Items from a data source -
++++++++++

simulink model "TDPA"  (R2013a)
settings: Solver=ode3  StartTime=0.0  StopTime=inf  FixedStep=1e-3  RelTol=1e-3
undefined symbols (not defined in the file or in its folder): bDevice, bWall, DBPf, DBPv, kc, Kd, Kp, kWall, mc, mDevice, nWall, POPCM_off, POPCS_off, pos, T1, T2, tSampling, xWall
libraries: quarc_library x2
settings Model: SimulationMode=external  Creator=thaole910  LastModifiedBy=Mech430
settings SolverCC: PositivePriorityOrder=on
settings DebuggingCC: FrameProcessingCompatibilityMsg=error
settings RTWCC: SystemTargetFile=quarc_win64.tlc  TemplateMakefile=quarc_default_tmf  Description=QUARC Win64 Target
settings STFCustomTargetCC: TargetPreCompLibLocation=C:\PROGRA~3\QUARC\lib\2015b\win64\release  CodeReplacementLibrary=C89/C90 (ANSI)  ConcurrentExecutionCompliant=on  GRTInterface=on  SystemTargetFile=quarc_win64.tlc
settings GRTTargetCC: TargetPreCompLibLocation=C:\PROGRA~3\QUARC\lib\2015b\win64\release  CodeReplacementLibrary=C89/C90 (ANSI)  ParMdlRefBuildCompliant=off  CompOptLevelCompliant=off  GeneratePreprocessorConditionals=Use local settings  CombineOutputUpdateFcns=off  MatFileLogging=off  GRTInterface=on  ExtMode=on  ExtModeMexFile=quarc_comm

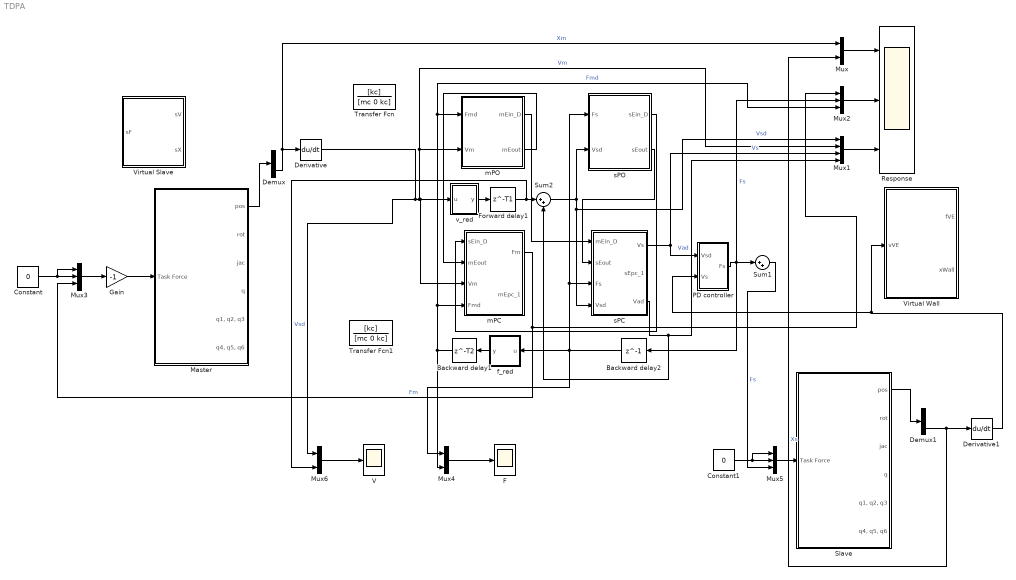
== system TDPA ==
  Backward delay1 : Delay  DelayLength=T2  InitialCondition=0  SampleTime=tSampling
  Backward delay2 : Delay  DelayLength=1  InitialCondition=0  SampleTime=tSampling
  Constant : Constant  Value=0
  Constant1 : Constant  Value=0
  Demux : Demux  Outputs=3
  Demux1 : Demux  Outputs=3
  Derivative : Derivative
  Derivative1 : Derivative
  F : Scope
      settings: TimeRange=100  ShowLegends=on  MaxDataPoints=5000  SaveToWorkspace=off  SaveName=F1  YMin=-4.35585  YMax=15.33258  SampleTime=-1  DataFormat=Array
  Forward delay1 : Delay  DelayLength=T1  InitialCondition=0  SampleTime=tSampling
  Gain : Gain  Gain=-1
  Master : Subsystem
  Mux : Mux  Inputs=2
  Mux1 : Mux
  Mux2 : Mux  Inputs=3
  Mux3 : Mux  Inputs=3
  Mux4 : Mux  Inputs=2
  Mux5 : Mux  Inputs=3
  Mux6 : Mux  Inputs=2
  PD controller : Subsystem
  Response : Scope  NumInputPorts=3
      settings: TimeRange=3.624844027539234  ShowLegends=on  MaxDataPoints=5000  SaveToWorkspace=off  SaveName=ScopeData2  YMin=-0.20269~-3.66024~-1.75917  YMax=0.14159~14.48477~6.94419  SampleInput=on  Decimation=10
  Slave : Subsystem
  Sum1 : Sum  Inputs=|++  SampleTime=tSampling
  Sum2 : Sum  Inputs=|++
  Transfer Fcn : TransferFcn  Numerator=[kc]  Denominator=[mc 0 kc]
  Transfer Fcn1 : TransferFcn  Numerator=[kc]  Denominator=[mc 0 kc]
  V : Scope
      settings: TimeRange=100  ShowLegends=on  MaxDataPoints=5000  SaveToWorkspace=off  SaveName=F  YMin=-1.10119  YMax=1.02242  SampleTime=-1  DataFormat=Array
  Virtual Slave : Subsystem
  Virtual Wall : Subsystem
  f_red : Subsystem
  mPC : Subsystem
  mPO : Subsystem
  sPC : Subsystem
  sPO : Subsystem
  v_red : Subsystem
  wires:
  PD controller/1(Fs) -> Sum1/1, Backward delay2/1, Mux2/2  "Fs"
  Derivative1/1 -> Virtual Wall/1(vVE), PD controller/2(Vs)
  mPO/2(mEout) -> mPC/2(mEout)
  mPO/1(mEin_D) -> sPC/1(mEin_D)
  sPO/1(sEin_D) -> mPC/1(sEin_D)
  sPO/2(sEout) -> sPC/2(sEout)
  Backward delay1/1 -> Mux4/2, mPC/4(Fmd), Mux2/3, mPO/1(Fmd)  "Fmd"
  Backward delay2/1 -> Mux4/1, sPO/1(Fs), sPC/3(Fs), f_red/1(u)
  Mux/1 -> Response/1
  Mux2/1 -> Response/2
  Mux1/1 -> Response/3
  Derivative/1 -> Mux6/1, Mux1/2, mPO/2(Vm), mPC/3(Vm), v_red/1(u)  "Vm"
  mPC/1(Fm) -> Mux3/3, Mux2/1  "Fm"
  Mux4/1 -> F/1
  Forward delay1/1 -> Mux6/2, Sum2/1  "Vsd"
  sPC/3(Vad) -> Sum2/2, Mux1/4  "Vad"
  Sum2/1 -> Mux1/1, sPC/4(Vsd), sPO/2(Vsd)  "Vsd"
  sPC/1(Vs) -> PD controller/1(Vsd), Mux1/3  "Vs"
  Gain/1 -> Master/1(Task Force)
  Master/1(pos) -> Demux/1
  Mux3/1 -> Gain/1
  Constant/1 -> Mux3/2, Mux3/1
  Demux1/3 -> Mux/2, Derivative1/1  "Xs"
  Slave/1(pos) -> Demux1/1
  Mux5/1 -> Slave/1(Task Force)
  Constant1/1 -> Mux5/2, Mux5/1
  Demux/3 -> Mux/1, Derivative/1  "Xm"
  Sum1/1 -> Mux5/3  "Fs"
  v_red/1(y) -> Forward delay1/1
  f_red/1(y) -> Backward delay1/1
  Mux6/1 -> V/1

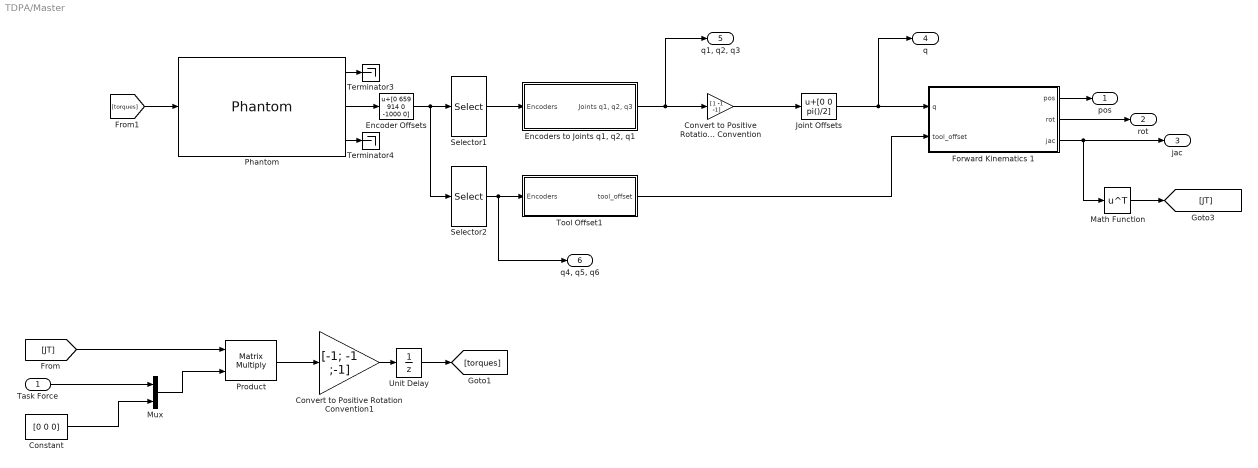
== system TDPA/Master ==
  Task Force : Inport
  Constant : Constant  Value=[0 0 0]
  Convert to Positive Rotation Convention : Gain  Gain=[1 -1 -1]
  Convert to Positive Rotation Convention1 : Gain  Gain=[-1; -1 ;-1]
  Encoder Offsets : Bias  Bias=[0 659 914 0 -1000 0]
  "Encoders to Joints q1, q2, q1" : Subsystem
  Forward Kinematics 1 : MATLAB Function  TreatAsAtomicUnit=on
      settings: PermitHierarchicalResolution=ParametersOnly
  Joint Offsets : Bias  Bias=[0 0 pi()/2]
  Math Function : Math  Operator=transpose  SaturateOnIntegerOverflow=on
  Mux : Mux  Inputs=2
  Phantom : quarc_library/Devices/Third-Party/SensAble/Phantom/Phantom  device_name=Master  output_type=Encoders Values  input_type=Joint space  velocity_limit_option=on  velocity_limit=1200  is_7dof=off  sample_time=-1
      settings: AttributesFormatString=(%<device_name>)
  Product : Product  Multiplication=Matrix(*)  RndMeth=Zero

++++++++++

What the task requires - In the entries above, find the line containing "settings: PermitHierarchicalResolution=ParametersOnly". Set down that line and every line after it through the last one, exactly and alone.

Reply -
      settings: PermitHierarchicalResolution=ParametersOnly
  Joint Offsets : Bias  Bias=[0 0 pi()/2]
  Math Function : Math  Operator=transpose  SaturateOnIntegerOverflow=on
  Mux : Mux  Inputs=2
  Phantom : quarc_library/Devices/Third-Party/SensAble/Phantom/Phantom  device_name=Master  output_type=Encoders Values  input_type=Joint space  velocity_limit_option=on  velocity_limit=1200  is_7dof=off  sample_time=-1
      settings: AttributesFormatString=(%<device_name>)
  Product : Product  Multiplication=Matrix(*)  RndMeth=Zero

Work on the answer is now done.